Whether playing the "Midnight Cowboy's" urban cowgirl or the off-screen role of a trashed diva who ceremoniously dumps a plate of food on a critic's head, Sylvia Miles has always brought a lot to the party. And I had a ball doing this 1977 interview with her for The New York Times. --Guy Flatley

"I play a mad-crazed-dead-German-lesbian-ballet dancer," confided Sylvia Miles with semi-breathless enthusiasm. The voluptuous, seldom-silent actress was bubbling about Michael Winner’s "The Sentinel," due to open Feb. 11 at the Baronet. It is a slice-of-death film focusing on a house-full of infuriatingly fleshy ghosts, a film in which Miss Miles has obviously been cast against type. "I hope this doesn’t start a rash of lesbian roles for me. It could ruin my reputation as a nymphomaniac.

"I speak with a heavy German accent in the movie," said Miss Miles, "and one of my most challenging lines is, ‘It’s wather wude to eat and wun.’ "

Miss Miles does not strenuously object to the label of sex symbol, nor does she throw a tantrum when flash bulbs pop off in her immediate vicinity. "Why should I mind? I think it’s pretty damned good for someone who’s been around for as long as I have, don’t you? I mean, it can’t hurt."

Just now, Miss Miles is enjoying a success in the Circle-in-the-Square’s revival of Tennessee Williams’s "Night of the Iguana," playing Maxine, the lusty proprietress of a rundown resort hotel, a character whom she describes as "a kind of healthy vulgarian, a female Stanley Kowalski."

Although the role is more substantial than most of those she has delineated on screen – including the brassy hooker in "Midnight Cowboy" and the broken-down alcoholic in "Farewell, My Lovely," each of which won an Oscar nomination for Best Supporting Actress – it still falls under the heading of tarnished woman. Miss Miles has yet to play a nun or a nurse or a librarian or a dutiful wife.

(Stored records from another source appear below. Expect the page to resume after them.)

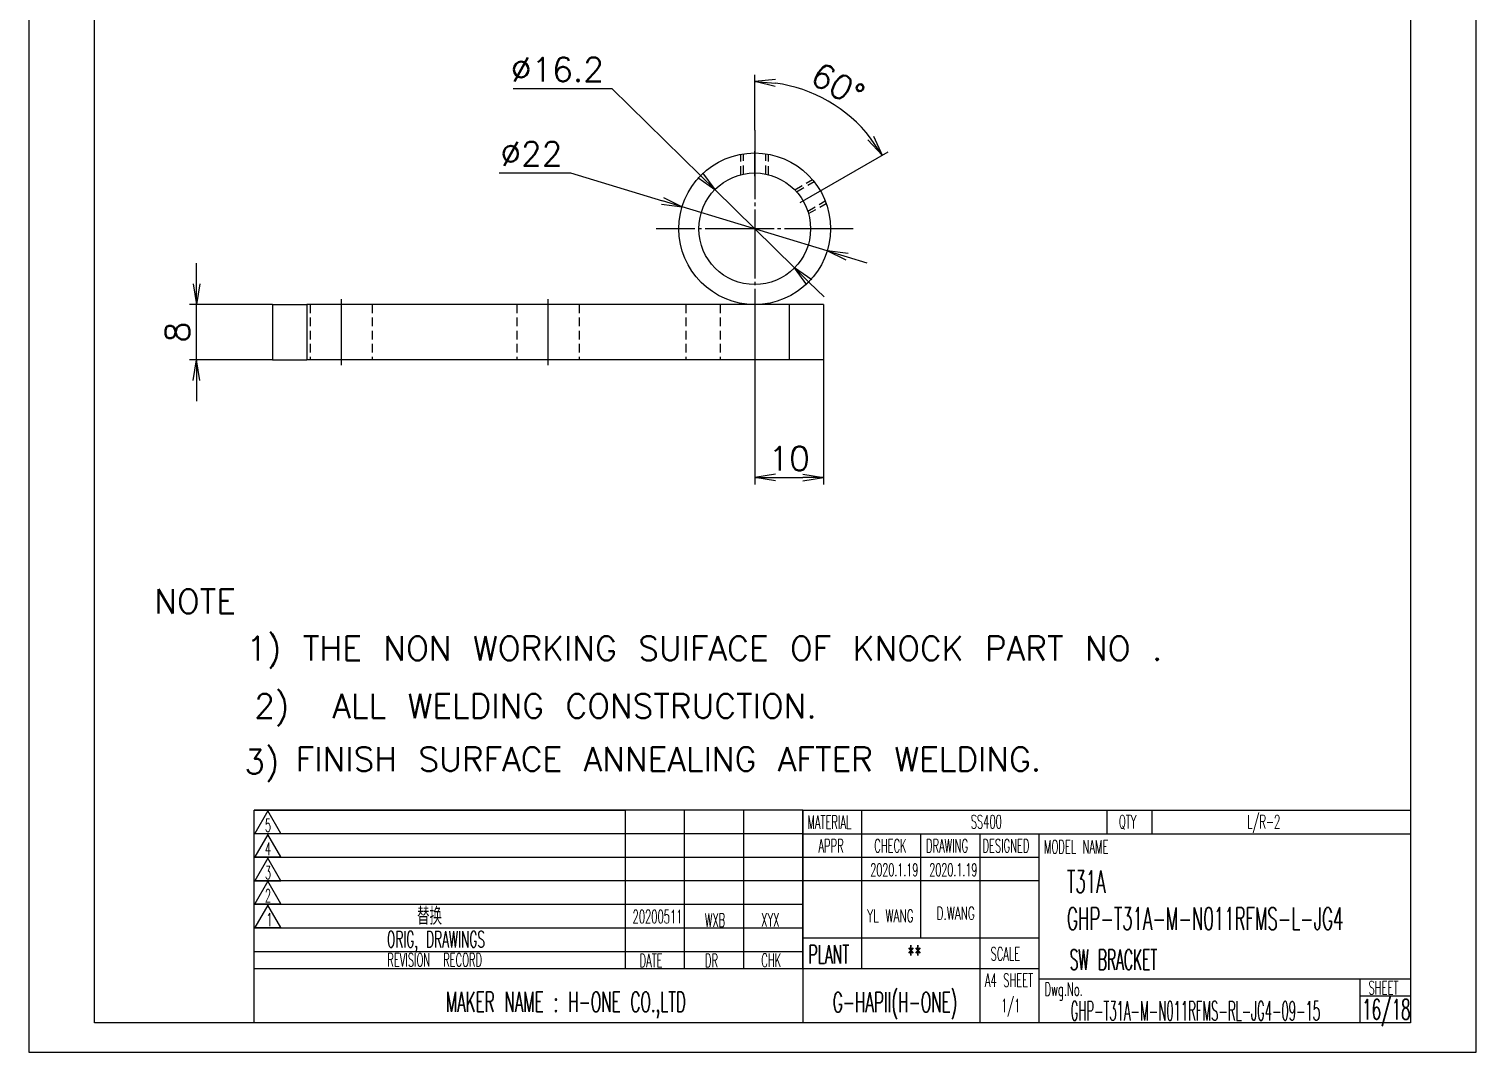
# Model space of a CAD drawing. Header units: millimetres. Extents: x 169 to 68710, y -18996 to 3059.
# Drawn here: x 1065.7 to 1275.7, y 2111.9 to 2260.4 of the extents above; entities that cross this region are included whole.
import ezdxf

# ---------------------------------------------------------------- set-up
doc = ezdxf.new("R2010")
doc.units = ezdxf.units.MM
doc.linetypes.add('CENTER-HOKUTO', pattern=[23, 20, -1, 1, -1])
doc.linetypes.add('HIDDEN-HOKUTO', pattern=[3.8, 2.5, -1.3])
for name, color, linetype in [('AM_7', 2, 'CENTER-HOKUTO'), ('AM_HID', 1, 'HIDDEN-HOKUTO'), ('AM_VIS', 7, 'Continuous'), ('list', 3, 'Continuous'), ('title_frame', 7, 'Continuous'), ('word_dim', 253, 'Continuous')]:
    doc.layers.add(name, color=color, linetype=linetype)
doc.styles.add('MX_NOTE_STANDARD', font='txt.shx', dxfattribs={"bigfont": 'bigfont.shx'})
doc.styles.get("Standard").update_dxf_attribs({"font": 'txt', "bigfont": 'gbcbig.shx'})
doc.dimstyles.new('STANDARD 1-1', dxfattribs={"dimtxt": 3.5, "dimasz": 3, "dimexe": 1, "dimexo": 0, "dimgap": 1, "dimtad": 3, "dimdsep": 46, "dimtxsty": 'Standard', "dimblk1": 'OPEN', "dimblk2": 'OPEN', "dimsah": 1, "dimcen": 0, "dimclrd": 256, "dimclre": 256, "dimclrt": 3, "dimazin": 2, "dimtfac": 1, "dimtmove": 0, "dimatfit": 3, "dimldrblk": 'OPEN', "dimfxl": 0, "dimtolj": 1, "dimlwd": 25, "dimlwe": 25, "dimarcsym": 0})
doc.dimstyles.new('STANDARD 1-1$2', dxfattribs={"dimtxt": 3.5, "dimasz": 3, "dimexe": 1, "dimexo": 0, "dimgap": 1, "dimtad": 3, "dimtoh": 1, "dimdsep": 46, "dimtxsty": 'Standard', "dimblk1": 'OPEN', "dimblk2": 'OPEN', "dimsah": 1, "dimcen": 0, "dimclrd": 256, "dimclre": 256, "dimclrt": 3, "dimazin": 2, "dimtfac": 1, "dimtmove": 0, "dimatfit": 3, "dimldrblk": 'OPEN', "dimfxl": 0, "dimtolj": 1, "dimlwd": 25, "dimlwe": 25, "dimarcsym": 0})
doc.dimstyles.new('STANDARD 1-1$3', dxfattribs={"dimtxt": 3.5, "dimasz": 3, "dimexe": 1, "dimexo": 0, "dimgap": 1, "dimtad": 3, "dimtoh": 1, "dimdsep": 46, "dimtxsty": 'Standard', "dimblk1": 'OPEN', "dimblk2": 'OPEN', "dimsah": 1, "dimcen": 0, "dimclrd": 256, "dimclre": 256, "dimclrt": 3, "dimazin": 2, "dimtfac": 1, "dimtmove": 0, "dimatfit": 3, "dimldrblk": 'OPEN', "dimfxl": 0, "dimtolj": 1, "dimlwd": 25, "dimlwe": 25, "dimarcsym": 0})

# ---------------------------------------------------------------- blocks, each defined once
blk = doc.blocks.new('_Open')
at = {"color": 0, "lineweight": -2}
for p, q in [((-1, 0.1666666666666667), (0, 0)), ((-1, -0.1666666666666667), (0, 0)), ((0, 0), (-1, 0))]:
    blk.add_line(p, q, dxfattribs=at)
blk = doc.blocks.new('*D27')
at = {"layer": 'DEFPOINTS', "color": 0, "linetype": 'Continuous', "ltscale": 2, "transparency": 16777216}
for p in [(1090.03502565559, 2220.353847299332), (1101.039189408991, 2220.353847299332), (1101.039189408991, 2212.353847299332)]:
    blk.add_point(p, dxfattribs=at)
at = {"layer": 'word_dim', "linetype": 'Continuous', "lineweight": 25, "ltscale": 2, "transparency": 16777216}
for p, q in [((1090.03502565559, 2223.353847299332), (1090.03502565559, 2226.353847299332)), ((1101.039189408991, 2220.353847299332), (1089.03502565559, 2220.353847299332)), ((1090.03502565559, 2212.353847299332), (1090.03502565559, 2220.353847299332)), ((1101.039189408991, 2212.353847299332), (1089.03502565559, 2212.353847299332)), ((1090.03502565559, 2209.353847299332), (1090.03502565559, 2206.353847299332))]:
    blk.add_line(p, q, dxfattribs=at)
at = {"layer": 'word_dim', "linetype": 'Continuous', "lineweight": 25, "ltscale": 2, "transparency": 16777216, "xscale": 3, "yscale": 3, "zscale": 3}
for p, rotation in [((1090.03502565559, 2220.353847299332), 270), ((1090.03502565559, 2212.353847299332), 90)]:
    blk.add_blockref('_Open', p, dxfattribs=dict(at, rotation=rotation))
at = {"layer": 'word_dim', "color": 3, "linetype": 'Continuous', "ltscale": 2, "transparency": 16777216, "insert": (1087.28502565559, 2216.353847299333), "char_height": 3.5, "attachment_point": 5, "rotation": 90}
blk.add_mtext('\\A1;8', dxfattribs=at)
blk = doc.blocks.new('*D28')
at = {"layer": 'DEFPOINTS', "color": 0, "linetype": 'Continuous', "ltscale": 2, "transparency": 16777216}
for p in [(1171.039189408991, 2217.653847490068), (1181.039189408991, 2212.353847299333), (1181.039189408991, 2195.250618158848)]:
    blk.add_point(p, dxfattribs=at)
at = {"layer": 'word_dim', "linetype": 'Continuous', "lineweight": 25, "ltscale": 2, "transparency": 16777216}
for p, q in [((1171.039189408991, 2217.653847490068), (1171.039189408991, 2194.250618158848)), ((1181.039189408991, 2212.353847299333), (1181.039189408991, 2194.250618158848)), ((1174.039189408991, 2195.250618158848), (1178.039189408991, 2195.250618158848))]:
    blk.add_line(p, q, dxfattribs=at)
at = {"layer": 'word_dim', "linetype": 'Continuous', "lineweight": 25, "ltscale": 2, "transparency": 16777216, "xscale": 3, "yscale": 3, "zscale": 3, "rotation": 180}
blk.add_blockref('_Open', (1171.039189408991, 2195.250618158848), dxfattribs=at)
at = {"layer": 'word_dim', "linetype": 'Continuous', "lineweight": 25, "ltscale": 2, "transparency": 16777216, "xscale": 3, "yscale": 3, "zscale": 3}
blk.add_blockref('_Open', (1181.039189408991, 2195.250618158848), dxfattribs=at)
at = {"layer": 'word_dim', "color": 3, "linetype": 'Continuous', "ltscale": 2, "transparency": 16777216, "insert": (1176.039189408991, 2198.000618158848), "char_height": 3.5, "attachment_point": 5}
blk.add_mtext('\\A1;10', dxfattribs=at)
blk = doc.blocks.new('*D34')
at = {"layer": 'DEFPOINTS', "color": 0, "linetype": 'Continuous', "ltscale": 2, "transparency": 16777216}
for p in [(1184.77091965145, 2247.718599718178), (1171.039189408991, 2245.653835092301), (1180.804631303523, 2236.99190882277), (1177.649113725398, 2235.170100961442), (1171.039189408991, 2217.053859506364)]:
    blk.add_point(p, dxfattribs=at)
at = {"layer": 'word_dim', "linetype": 'Continuous', "lineweight": 25, "ltscale": 2, "transparency": 16777216}
for p, q in [((1171.039189408991, 2245.653835092301), (1171.039189408991, 2253.71657906087)), ((1180.804631303523, 2236.99190882277), (1190.40589895206, 2242.535108772623))]:
    blk.add_line(p, q, dxfattribs=at)
blk.add_arc((1171.039189408991, 2231.353924443874), 21.36265461699647, 38.05236342333086, 81.94721357483624, dxfattribs=at)
at = {"layer": 'word_dim', "linetype": 'Continuous', "lineweight": 25, "ltscale": 2, "transparency": 16777216, "xscale": 3, "yscale": 3, "zscale": 3}
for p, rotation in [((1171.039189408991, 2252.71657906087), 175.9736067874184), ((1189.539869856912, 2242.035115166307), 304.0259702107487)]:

"It’s true that my roles are usually brief and that I have suffered from typecasting because producers are not as imaginative as they should be. However, I did play a mother in Andy Warhol’s ‘Heat’ (pictured above, at a pajamaless party with Warhol superstud Joe Dallesandro). My daughter was a lesbian in that one. There really isn’t any reason why I couldn’t play a loving wife; as a matter of fact, I think I’d make a terrific Lady Macbeth. But, let’s face it, we all have a certain kind of physicality. If a producer wants a size 10, he’s not going to hire Orson Welles, and if he wants someone who’s flat-chested, he’s not going to hire me."

One roadblock on the highway to superstardom is the penchant of the press to portray Miss Miles as a perpetual party girl. "The publicity has grown like a monster, lurking around every corner, so that I’m afraid to go to the grocery store because I know the man behind the counter is going to say, ‘Sylvia, you’re everywhere!’ But I’ve got to buy groceries, just like everyone else. They’re driving me crazy with this party girl stuff. Look at Tammy Grimes – she goes to parties all the time, yet nobody says a word about that. It hurts to be called a party girl by some journalist who never heard of Alfred Lunt and Lynn Fontanne.

"I ask you, how could I have survived all these years if I weren’t a hardworking girl trying to make a buck at my art? I’ve been working in the theater for 22 years, killing myself. I did 26 Off Broadway plays before I got that role in ‘Midnight Cowboy.’ And I’m the one actress who won’t give up New York for the big money of Hollywood.

"On the other hand," Miss Miles concedes, "it has been said that I make it out to the airport to greet everyone who comes in."